MongoDB's replica sets + sharding Architecture

Reprinted from http://www.cnblogs.com/spnt/

MongoDB's sharding mechanism solves the problems of massive storage and dynamic resizing, but it is highly reliable and highly available from the production environment. sharding is powerless in the case of single point of failure. However, MongoDB's replica set can easily handle single point of failure (spof), so it has a highly available and secure architecture of replica sets + sharding.

The architecture is as follows:

1. Shard server: Use replica sets to ensure that each data node has the backup, automatic fault tolerance transfer, and automatic recovery capabilities.

2. configuration server: use three configuration servers to ensure metadata integrity

3. routing process: use three routing processes to balance and improve client access performance. The architecture is as follows:

Three sharding processes: shard11, shard12, and shard13 form a replica set and provide shard1 functions in sharding.

Three sharding processes: shard21, shard22, and shard23 form a replica set to provide shard2 functions in sharding.

Three configuration server processes and three router Processes

Bytes --------------------------------------------------------------------------------------------

Now we start to build the entire architecture (because there are not so many machines, I still use a local directory to simulate the machine)

Host	IP	Service and Port
Servera Mongodb1 DB2 Connector Mongodb3 Mongodb4	127.0.0.1	Mongod shard11: 10000 Mongod shard21: 20000 Mongod config Mongos: 40000
Serverb Mongodb5 Mongodb6 Mongodb7 Mongodb4	127.0.0.1	Mongod shard12: 10001 Mongod shard22: 20001 Mongod config Mongos: 40000
Serverc Mongodb9 Mongodb8 Mongodb11 Mongodb4	127.0.0.1	Mongod shard13: 10002 Mongod shard23: 20002 Mongod config :30002 Mongos: 40000

1. Start the shard1 process and configure replica sets.

Start the mongod shard11 process. Replica Set Name: shard1

Start the mongod shard12 process and set the replica set: shard1

Start the mongod shard13 process and set the replica set: shard1

Configure these three processes as replica sets and open a new cmd to execute various non-startup commands, connect to any of the above three processes, and configure them as replica sets. The operations are as follows:

 

2. Start the shard2 process and configure replica sets.

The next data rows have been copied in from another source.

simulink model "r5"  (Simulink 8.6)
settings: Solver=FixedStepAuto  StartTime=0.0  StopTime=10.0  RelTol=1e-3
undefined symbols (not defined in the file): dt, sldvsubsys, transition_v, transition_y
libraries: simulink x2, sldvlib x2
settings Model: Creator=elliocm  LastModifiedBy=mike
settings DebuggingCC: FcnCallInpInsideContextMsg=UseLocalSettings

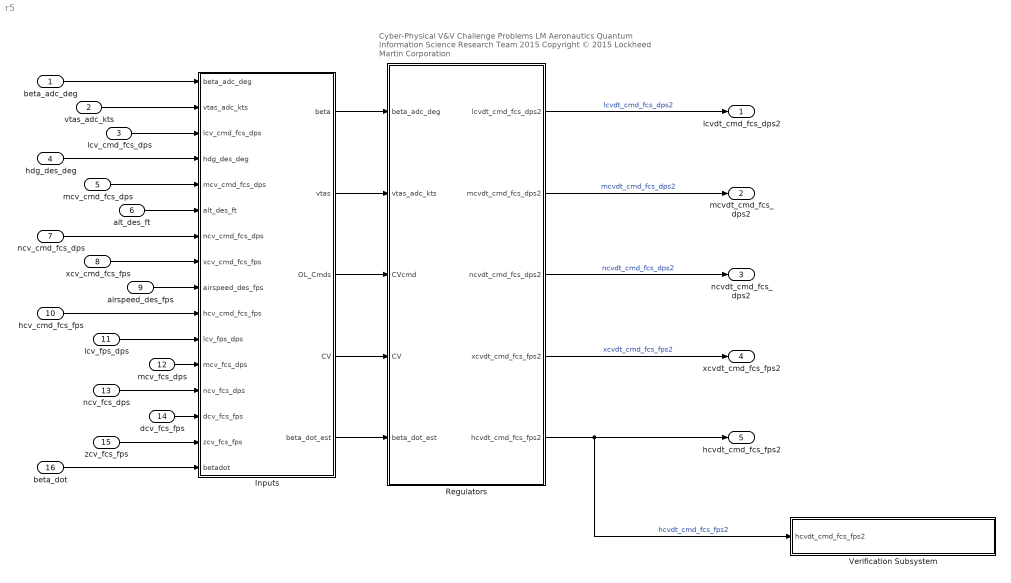
== system r5 ==
  note: Cyber-Physical V&V Challenge Problems
      | LM Aeronautics Quantum Information Science Research Team 2015
      | Copyright © 2015 Lockheed Martin Corporation
  beta_adc_deg : Inport  OutDataTypeStr=double
  vtas_adc_kts : Inport  Port=2  OutDataTypeStr=double
  "lcv_cmd_fcs_dps " : Inport  Port=3  OutDataTypeStr=double
  hdg_des_deg : Inport  Port=4  OutDataTypeStr=double
  mcv_cmd_fcs_dps : Inport  Port=5  OutDataTypeStr=double
  alt_des_ft : Inport  Port=6  OutDataTypeStr=double
  ncv_cmd_fcs_dps : Inport  Port=7  OutDataTypeStr=double
  xcv_cmd_fcs_fps : Inport  Port=8  OutDataTypeStr=double
  airspeed_des_fps : Inport  Port=9  OutDataTypeStr=double
  hcv_cmd_fcs_fps : Inport  Port=10  OutDataTypeStr=double
  lcv_fps_dps : Inport  Port=11  OutDataTypeStr=double
  mcv_fcs_dps : Inport  Port=12  OutDataTypeStr=double
  ncv_fcs_dps : Inport  Port=13  OutDataTypeStr=double
  dcv_fcs_fps : Inport  Port=14  OutDataTypeStr=double
  zcv_fcs_fps : Inport  Port=15  OutDataTypeStr=double
  beta_dot : Inport  Port=16  OutDataTypeStr=double
  Inputs : Subsystem
  Regulators : Subsystem
  Verification Subsystem : Subsystem  Tag=VerificationSubsystem  DisableCoverage=on  LoadFcn=sldvsubsys('check')  TreatAsAtomicUnit=on  SimViewingDevice=on  mask(VerificationSubsystem){}
      mask init:
      | sldvsubsys('maskInit');
      settings: CopyFcn=sldvsubsys('copy');  OpenFcn=open_system(gcb,'force');
      settings: PreSaveFcn=|
      | set_param(gcb,'SimViewingDevice','on');
      | sldvsubsys('check');
      mask Help: helpview(fullfile(docroot,'toolbox','sldv','sldv.map'),'verificationsubsystem')
      mask Display: image(imread('sldvicon_versubsys.png','BackGroundColor',[1 1 1]),'center');
  lcvdt_cmd_fcs_dps2 : Outport
  mcvdt_cmd_fcs_dps2 : Outport  Port=2
  ncvdt_cmd_fcs_dps2 : Outport  Port=3
  xcvdt_cmd_fcs_fps2 : Outport  Port=4
  hcvdt_cmd_fcs_fps2 : Outport  Port=5
  wires:
  Inputs/4(CV) -> Regulators/4(CV)
  Inputs/3(OL_Cmds) -> Regulators/3(CVcmd)
  Inputs/1(beta) -> Regulators/1(beta_adc_deg)
  Inputs/5(beta_dot_est) -> Regulators/5(beta_dot_est)
  beta_adc_deg/1 -> Inputs/1(beta_adc_deg)
  vtas_adc_kts/1 -> Inputs/2(vtas_adc_kts)
  "lcv_cmd_fcs_dps "/1 -> Inputs/3("lcv_cmd_fcs_dps ")
  mcv_cmd_fcs_dps/1 -> Inputs/5(mcv_cmd_fcs_dps)
  ncv_cmd_fcs_dps/1 -> Inputs/7(ncv_cmd_fcs_dps)
  xcv_cmd_fcs_fps/1 -> Inputs/8(xcv_cmd_fcs_fps)
  hcv_cmd_fcs_fps/1 -> Inputs/10(hcv_cmd_fcs_fps)
  hdg_des_deg/1 -> Inputs/4(hdg_des_deg)
  alt_des_ft/1 -> Inputs/6(alt_des_ft)
  airspeed_des_fps/1 -> Inputs/9(airspeed_des_fps)
  Regulators/1(lcvdt_cmd_fcs_dps2) -> lcvdt_cmd_fcs_dps2/1  "lcvdt_cmd_fcs_dps2"
  Regulators/2(mcvdt_cmd_fcs_dps2) -> mcvdt_cmd_fcs_dps2/1  "mcvdt_cmd_fcs_dps2"
  Regulators/3(ncvdt_cmd_fcs_dps2) -> ncvdt_cmd_fcs_dps2/1  "ncvdt_cmd_fcs_dps2"
  Regulators/5(hcvdt_cmd_fcs_fps2) -> Verification Subsystem/1(hcvdt_cmd_fcs_fps2), hcvdt_cmd_fcs_fps2/1  "hcvdt_cmd_fcs_fps2"
  Regulators/4(xcvdt_cmd_fcs_fps2) -> xcvdt_cmd_fcs_fps2/1  "xcvdt_cmd_fcs_fps2"
  zcv_fcs_fps/1 -> Inputs/15(zcv_fcs_fps)
  dcv_fcs_fps/1 -> Inputs/14(dcv_fcs_fps)
  lcv_fps_dps/1 -> Inputs/11(lcv_fps_dps)
  mcv_fcs_dps/1 -> Inputs/12(mcv_fcs_dps)
  ncv_fcs_dps/1 -> Inputs/13(ncv_fcs_dps)
  beta_dot/1 -> Inputs/16(betadot)
  Inputs/2(vtas) -> Regulators/2(vtas_adc_kts)

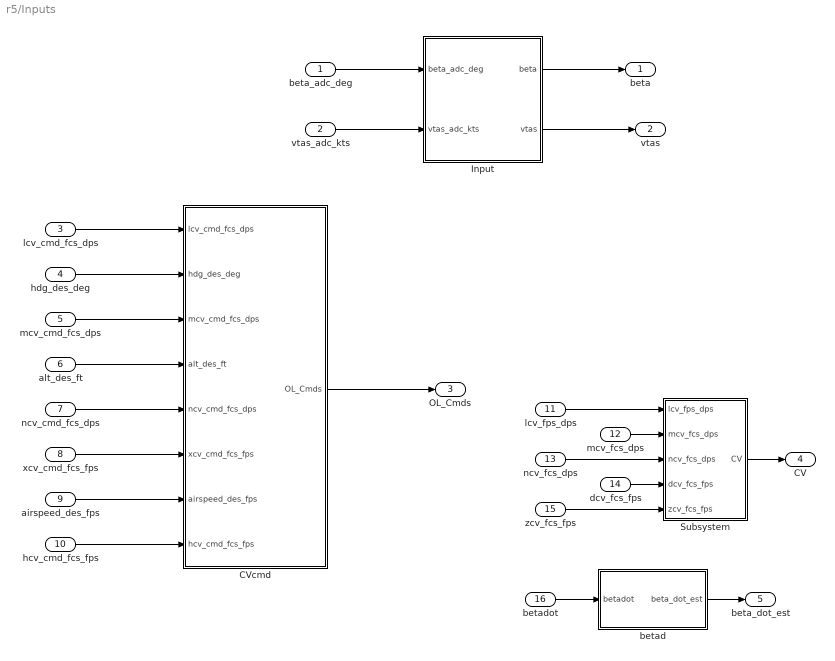
== system r5/Inputs ==
  beta_adc_deg : Inport
  vtas_adc_kts : Inport  Port=2
  "lcv_cmd_fcs_dps " : Inport  Port=3
  hdg_des_deg : Inport  Port=4
  mcv_cmd_fcs_dps : Inport  Port=5
  alt_des_ft : Inport  Port=6
  ncv_cmd_fcs_dps : Inport  Port=7
  xcv_cmd_fcs_fps : Inport  Port=8
  airspeed_des_fps : Inport  Port=9
  hcv_cmd_fcs_fps : Inport  Port=10
  lcv_fps_dps : Inport  Port=11
  mcv_fcs_dps : Inport  Port=12
  ncv_fcs_dps : Inport  Port=13
  dcv_fcs_fps : Inport  Port=14
  zcv_fcs_fps : Inport  Port=15
  betadot : Inport  Port=16
  CVcmd : Subsystem
  Input : Subsystem
  Subsystem : Subsystem
  betad : Subsystem
  beta : Outport
  vtas : Outport  Port=2
  OL_Cmds : Outport  Port=3
  CV : Outport  Port=4
  beta_dot_est : Outport  Port=5
  wires:
  Subsystem/1(CV) -> CV/1
  CVcmd/1(OL_Cmds) -> OL_Cmds/1
  beta_adc_deg/1 -> Input/1(beta_adc_deg)
  vtas_adc_kts/1 -> Input/2(vtas_adc_kts)
  "lcv_cmd_fcs_dps "/1 -> CVcmd/1("lcv_cmd_fcs_dps ")
  mcv_cmd_fcs_dps/1 -> CVcmd/3(mcv_cmd_fcs_dps)
  ncv_cmd_fcs_dps/1 -> CVcmd/5(ncv_cmd_fcs_dps)
  xcv_cmd_fcs_fps/1 -> CVcmd/6(xcv_cmd_fcs_fps)
  hcv_cmd_fcs_fps/1 -> CVcmd/8(hcv_cmd_fcs_fps)
  hdg_des_deg/1 -> CVcmd/2(hdg_des_deg)
  alt_des_ft/1 -> CVcmd/4(alt_des_ft)
  airspeed_des_fps/1 -> CVcmd/7(airspeed_des_fps)
  zcv_fcs_fps/1 -> Subsystem/5(zcv_fcs_fps)
  dcv_fcs_fps/1 -> Subsystem/4(dcv_fcs_fps)
  lcv_fps_dps/1 -> Subsystem/1(lcv_fps_dps)
  mcv_fcs_dps/1 -> Subsystem/2(mcv_fcs_dps)
  ncv_fcs_dps/1 -> Subsystem/3(ncv_fcs_dps)
  betadot/1 -> betad/1(betadot)
  betad/1(beta_dot_est) -> beta_dot_est/1
  Input/1(beta) -> beta/1
  Input/2(vtas) -> vtas/1

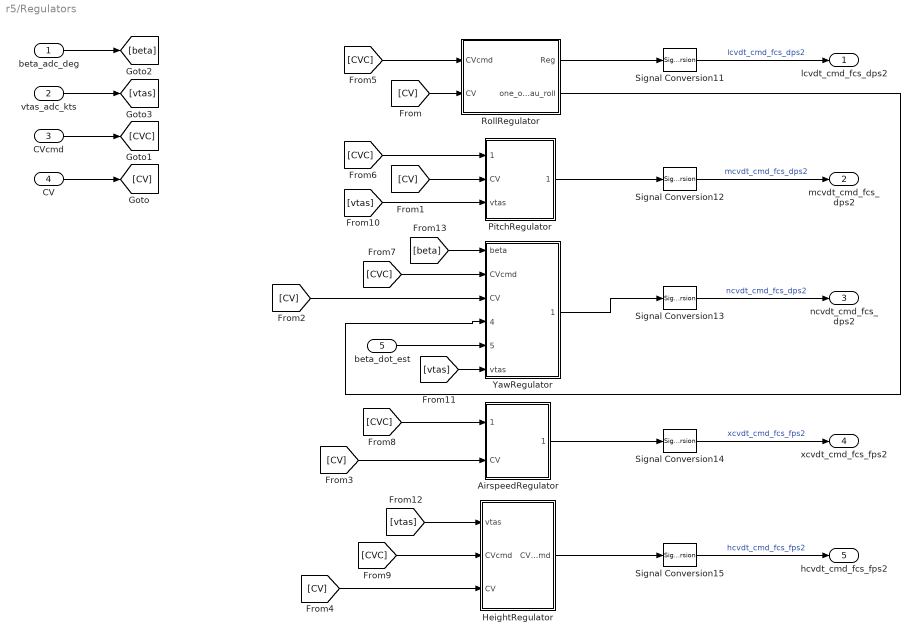
== system r5/Regulators ==
  beta_adc_deg : Inport
  vtas_adc_kts : Inport  Port=2
  CVcmd : Inport  Port=3
  CV : Inport  Port=4
  beta_dot_est : Inport  Port=5
  AirspeedRegulator : Subsystem
  HeightRegulator : Subsystem
  PitchRegulator : Subsystem
  RollRegulator : Subsystem
  Signal Conversion{11..15} (5 alike) : SignalConversion  ConversionOutput=Contiguous copy  OverrideOpt=on
  YawRegulator : Subsystem
  lcvdt_cmd_fcs_dps2 : Outport
  mcvdt_cmd_fcs_dps2 : Outport  Port=2
  ncvdt_cmd_fcs_dps2 : Outport  Port=3
  xcvdt_cmd_fcs_fps2 : Outport  Port=4
  hcvdt_cmd_fcs_fps2 : Outport  Port=5
  wires:
  RollRegulator/1(Reg) -> Signal Conversion11/1
  PitchRegulator/1(CVdt_cmd) -> Signal Conversion12/1
  YawRegulator/1(CVdt_cmd) -> Signal Conversion13/1
  AirspeedRegulator/1(CVdt_cmd) -> Signal Conversion14/1
  HeightRegulator/1(CVdt_cmd) -> Signal Conversion15/1
  [CVC] -> HeightRegulator/2(CVcmd)
  [CVC] -> YawRegulator/2(CVcmd)
  Signal Conversion11/1 -> lcvdt_cmd_fcs_dps2/1  "lcvdt_cmd_fcs_dps2"
  Signal Conversion12/1 -> mcvdt_cmd_fcs_dps2/1  "mcvdt_cmd_fcs_dps2"
  Signal Conversion13/1 -> ncvdt_cmd_fcs_dps2/1  "ncvdt_cmd_fcs_dps2"
  Signal Conversion15/1 -> hcvdt_cmd_fcs_fps2/1  "hcvdt_cmd_fcs_fps2"
  Signal Conversion14/1 -> xcvdt_cmd_fcs_fps2/1  "xcvdt_cmd_fcs_fps2"
  RollRegulator/2(one_over_Tau_roll) -> YawRegulator/4(one_over_Tau_roll)
  beta_dot_est/1 -> YawRegulator/5(beta_dot_est)
  CV/1 -> [CV]
  [CV] -> RollRegulator/2(CV)
  [CV] -> PitchRegulator/2(CV)
  [CV] -> YawRegulator/3(CV)
  [CV] -> AirspeedRegulator/2(CV)
  [CV] -> HeightRegulator/3(CV)
  CVcmd/1 -> [CVC]
  [CVC] -> RollRegulator/1(CVcmd)
  [CVC] -> PitchRegulator/1(CV_cmd)
  [CVC] -> AirspeedRegulator/1(CVcmd)
  [vtas] -> PitchRegulator/3(vtas)
  [vtas] -> HeightRegulator/1(vtas)
  beta_adc_deg/1 -> [beta]
  vtas_adc_kts/1 -> [vtas]
  [vtas] -> YawRegulator/6(vtas)
  [beta] -> YawRegulator/1(beta)

== system r5/Verification Subsystem ==
  note: The Inner Loop Height Regulator Shall not command translational height accelerations greater
      | than the capability of the system (32 ft/sec2) for durations exceeding 100 frames (1 second @ 100 hz).
  note: hcvdt_cmd_fcs_fps2{t}<=32 or hcvdt_cmd_fcs_fps2{t-1}<=32 or hcvdt_cmd_fcs_fps2{t-2}<=32 or hcvdt_cmd_fcs_fps2{t-3}<=32 or hcvdt_cmd_fcs_fps2{t-4}<=32 or hcvdt_cmd_fcs_fps2{t-5}<=32 or hcvdt_cmd_fcs_fps2{t-6}<=32 or hcvdt_cmd_fcs_fps2{t-7}<=32 or hcvdt_cmd_fcs_fps2{t-8}<=32 or hcvdt_cmd_fcs_fps2{t-9}<=32 or hcvdt_cmd_fcs_fps2{t-10}<=32 or hcvdt_cmd_fcs_fps2{t-11}<=32 or hcvdt_cmd_fcs_fps2{t-12}<=32 or hcvdt_cmd_fcs_fps2{t-13}<=32 or hcvdt_cmd_fcs_fps2{t-14}<=32 or hcvdt_cmd_fcs_fps2{t-15}<=32 or hcvdt_cmd_fcs_fps2{t-16}<=32 or hcvdt_cmd_fcs_fps2{t-17}<=32 or hcvdt_cmd_fcs_fps2{t-18}<=32 or hcvdt_cmd_fcs_fps2{t-19}<=32 or hcvdt_cmd_fcs_fps2{t-20}<=32 or hcvdt_cmd_fcs_fps2{t-21}<=32 or hcvdt_cmd_fcs_fps2{t-22}<=32 or hcvdt_cmd_fcs_fps2{t-23}<=32 or hcvdt_cmd_fcs_fps2{t-24}<=32 or hcvdt_cmd_fcs_fps2{t-25}<=32 or hcvdt_cmd_fcs_fps2{t-26}<=32 or hcvdt_cmd_fcs_fps2{t-27}<=32 or hcvdt_cmd_fcs_fps2{t-28}<=32 or hcvdt_cmd_fcs_fps2{t-29}<=32 or hcvdt_cmd_fcs_fps2{t-30}<=32 or hcvdt_cmd_fcs_fps2{t-31}<=32 or hcvdt_cmd_fcs_fps2{t-32}<=32 or hcvdt_cmd_fcs_fps2{t-33}<=32 or hcvdt_cmd_fcs_fps2{t-34}<=32 or hcvdt_cmd_fcs_fps2{t-35}<=32 or hcvdt_cmd_fcs_fps2{t-36}<=32 or hcvdt_cmd_fcs_fps2{t-37}<=32 or hcvdt_cmd_fcs_fps2{t-38}<=32 or hcvdt_cmd_fcs_fps2{t-39}<=32 or hcvdt_cmd_fcs_fps2{t-40}<=32 or hcvdt_cmd_fcs_fps2{t-41}<=32 or hcvdt_cmd_fcs_fps2{t-42}<=32 or hcvdt_cmd_fcs_fps2{t-43}<=32 or hcvdt_cmd_fcs_fps2{t-44}<=32 or hcvdt_cmd_fcs_fps2{t-45}<=32 or hcvdt_cmd_fcs_fps2{t-46}<=32 or hcvdt_cmd_fcs_fps2{t-47}<=32 or hcvdt_cmd_fcs_fps2{t-48}<=32 or hcvdt_cmd_fcs_fps2{t-49}<=32 or hcvdt_cmd_fcs_fps2{t-32}<=32 or hcvdt_cmd_fcs_fps2{t-51}<=32 or hcvdt_cmd_fcs_fps2{t-52}<=32 or hcvdt_cmd_fcs_fps2{t-53}<=32 or hcvdt_cmd_fcs_fps2{t-54}<=32 or hcvdt_cmd_fcs_fps2{t-55}<=32 or hcvdt_cmd_fcs_fps2{t-56}<=32 or hcvdt_cmd_fcs_fps2{t-57}<=32 or hcvdt_cmd_fcs_fps2{t-58}<=32 or hcvdt_cmd_fcs_fps2{t-59}<=32 or hcvdt_cmd_fcs_fps2{t-60}<=32 or hcvdt_cmd_fcs_fps2{t-61}<=32 or hcvdt_cmd_fcs_fps2{t-62}<=32 or hcvdt_cmd_fcs_fps2{t-63}<=32 or hcvdt_cmd_fcs_fps2{t-64}<=32 or hcvdt_cmd_fcs_fps2{t-65}<=32 or hcvdt_cmd_fcs_fps2{t-66}<=32 or hcvdt_cmd_fcs_fps2{t-67}<=32 or hcvdt_cmd_fcs_fps2{t-68}<=32 or hcvdt_cmd_fcs_fps2{t-69}<=32 or hcvdt_cmd_fcs_fps2{t-70}<=32 or hcvdt_cmd_fcs_fps2{t-71}<=32 or hcvdt_cmd_fcs_fps2{t-72}<=32 or hcvdt_cmd_fcs_fps2{t-73}<=32 or hcvdt_cmd_fcs_fps2{t-74}<=32 or hcvdt_cmd_fcs_fps2{t-75}<=32 or hcvdt_cmd_fcs_fps2{t-76}<=32 or hcvdt_cmd_fcs_fps2{t-77}<=32 or hcvdt_cmd_fcs_fps2{t-78}<=32 or hcvdt_cmd_fcs_fps2{t-79}<=32 or hcvdt_cmd_fcs_fps2{t-80}<=32 or hcvdt_cmd_fcs_fps2{t-81}<=32 or hcvdt_cmd_fcs_fps2{t-82}<=32 or hcvdt_cmd_fcs_fps2{t-83}<=32 or hcvdt_cmd_fcs_fps2{t-84}<=32 or hcvdt_cmd_fcs_fps2{t-85}<=32 or hcvdt_cmd_fcs_fps2{t-86}<=32 or hcvdt_cmd_fcs_fps2{t-87}<=32 or hcvdt_cmd_fcs_fps2{t-88}<=32 or hcvdt_cmd_fcs_fps2{t-89}<=32 or hcvdt_cmd_fcs_fps2{t-90}<=32 or hcvdt_cmd_fcs_fps2{t-91}<=32 or hcvdt_cmd_fcs_fps2{t-92}<=32 or hcvdt_cmd_fcs_fps2{t-93}<=32 or hcvdt_cmd_fcs_fps2{t-94}<=32 or hcvdt_cmd_fcs_fps2{t-95}<=32 or hcvdt_cmd_fcs_fps2{t-96}<=32 or hcvdt_cmd_fcs_fps2{t-97}<=32 or hcvdt_cmd_fcs_fps2{t-98}<=32 or hcvdt_cmd_fcs_fps2{t-99}<=32;
  hcvdt_cmd_fcs_fps2 : Inport
  Constant : Constant  Value=32
  Detector : sldvlib/Temporal Operators/Detector  reset=off  typ=Synchronized  in_hold=100  delay=1  out_hold=3
  Logical Operator : Logic  Operator=NOT  AllPortsSameDT=off  OutDataTypeStr=boolean
  Proof Objective : sldvlib/Objectives and Constraints/Proof Objective  enabled=on  customAVTBlockType=Proof Objective  intervals=true  dispValues=on  outEnabled=off  enableStopSim=off
      settings: AttributesFormatString=%<intervals>
  Relational Operator : RelationalOperator  Operator=>  OutDataTypeStr=boolean
  wires:
  Relational Operator/1 -> Detector/1
  hcvdt_cmd_fcs_fps2/1 -> Relational Operator/1
  Constant/1 -> Relational Operator/2
  Logical Operator/1 -> Proof Objective/1
  Detector/1 -> Logical Operator/1

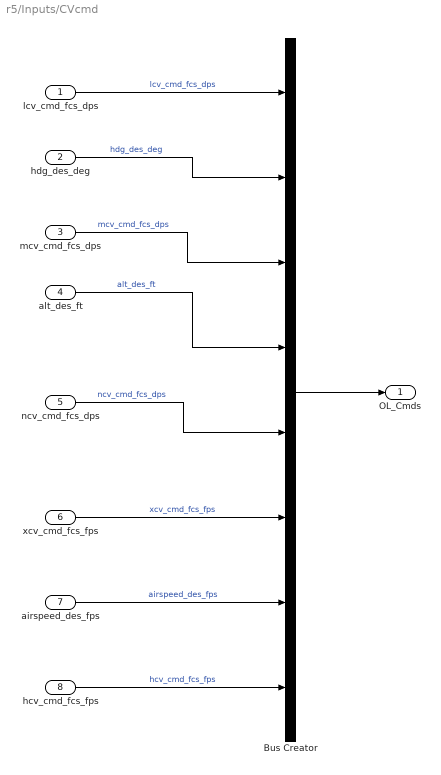
== system r5/Inputs/CVcmd ==
  "lcv_cmd_fcs_dps " : Inport
  hdg_des_deg : Inport  Port=2
  mcv_cmd_fcs_dps : Inport  Port=3
  alt_des_ft : Inport  Port=4
  ncv_cmd_fcs_dps : Inport  Port=5
  xcv_cmd_fcs_fps : Inport  Port=6
  airspeed_des_fps : Inport  Port=7
  hcv_cmd_fcs_fps : Inport  Port=8
  Bus Creator : BusCreator  Inputs=8
  OL_Cmds : Outport
  wires:
  "lcv_cmd_fcs_dps "/1 -> Bus Creator/1  "lcv_cmd_fcs_dps"
  mcv_cmd_fcs_dps/1 -> Bus Creator/3  "mcv_cmd_fcs_dps"
  ncv_cmd_fcs_dps/1 -> Bus Creator/5  "ncv_cmd_fcs_dps"
  xcv_cmd_fcs_fps/1 -> Bus Creator/6  "xcv_cmd_fcs_fps"
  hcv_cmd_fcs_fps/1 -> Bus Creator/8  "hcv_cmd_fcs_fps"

Start the mongod shard21 process. Replica Set Name: shard2

Start the mongod shard22 process and set the replica set: shard2

Start the mongod shard23 process and set the replica set: shard2

Configure these three processes as replica sets. The operations are as follows:

 

By now, the parts of the two replica sets have been configured. The configuration below is config server and route process.

3. Configure three config servers

 

4. Configure route Process

The chunk size is 1 MB, so that we can test the effect.

5. Configure the partition table and partition key.

I used the frienduser table in the friends database for sharding. The partition key is _ id. Because the CMD width is too small, the command for adding shards is not completely displayed. I manually list them.

Add parts

DB. runcommand ({addshard: "shard1/127.0.0.1: 10000,127.0 .0.1: 10001,127.0 .0.1: 10002 "})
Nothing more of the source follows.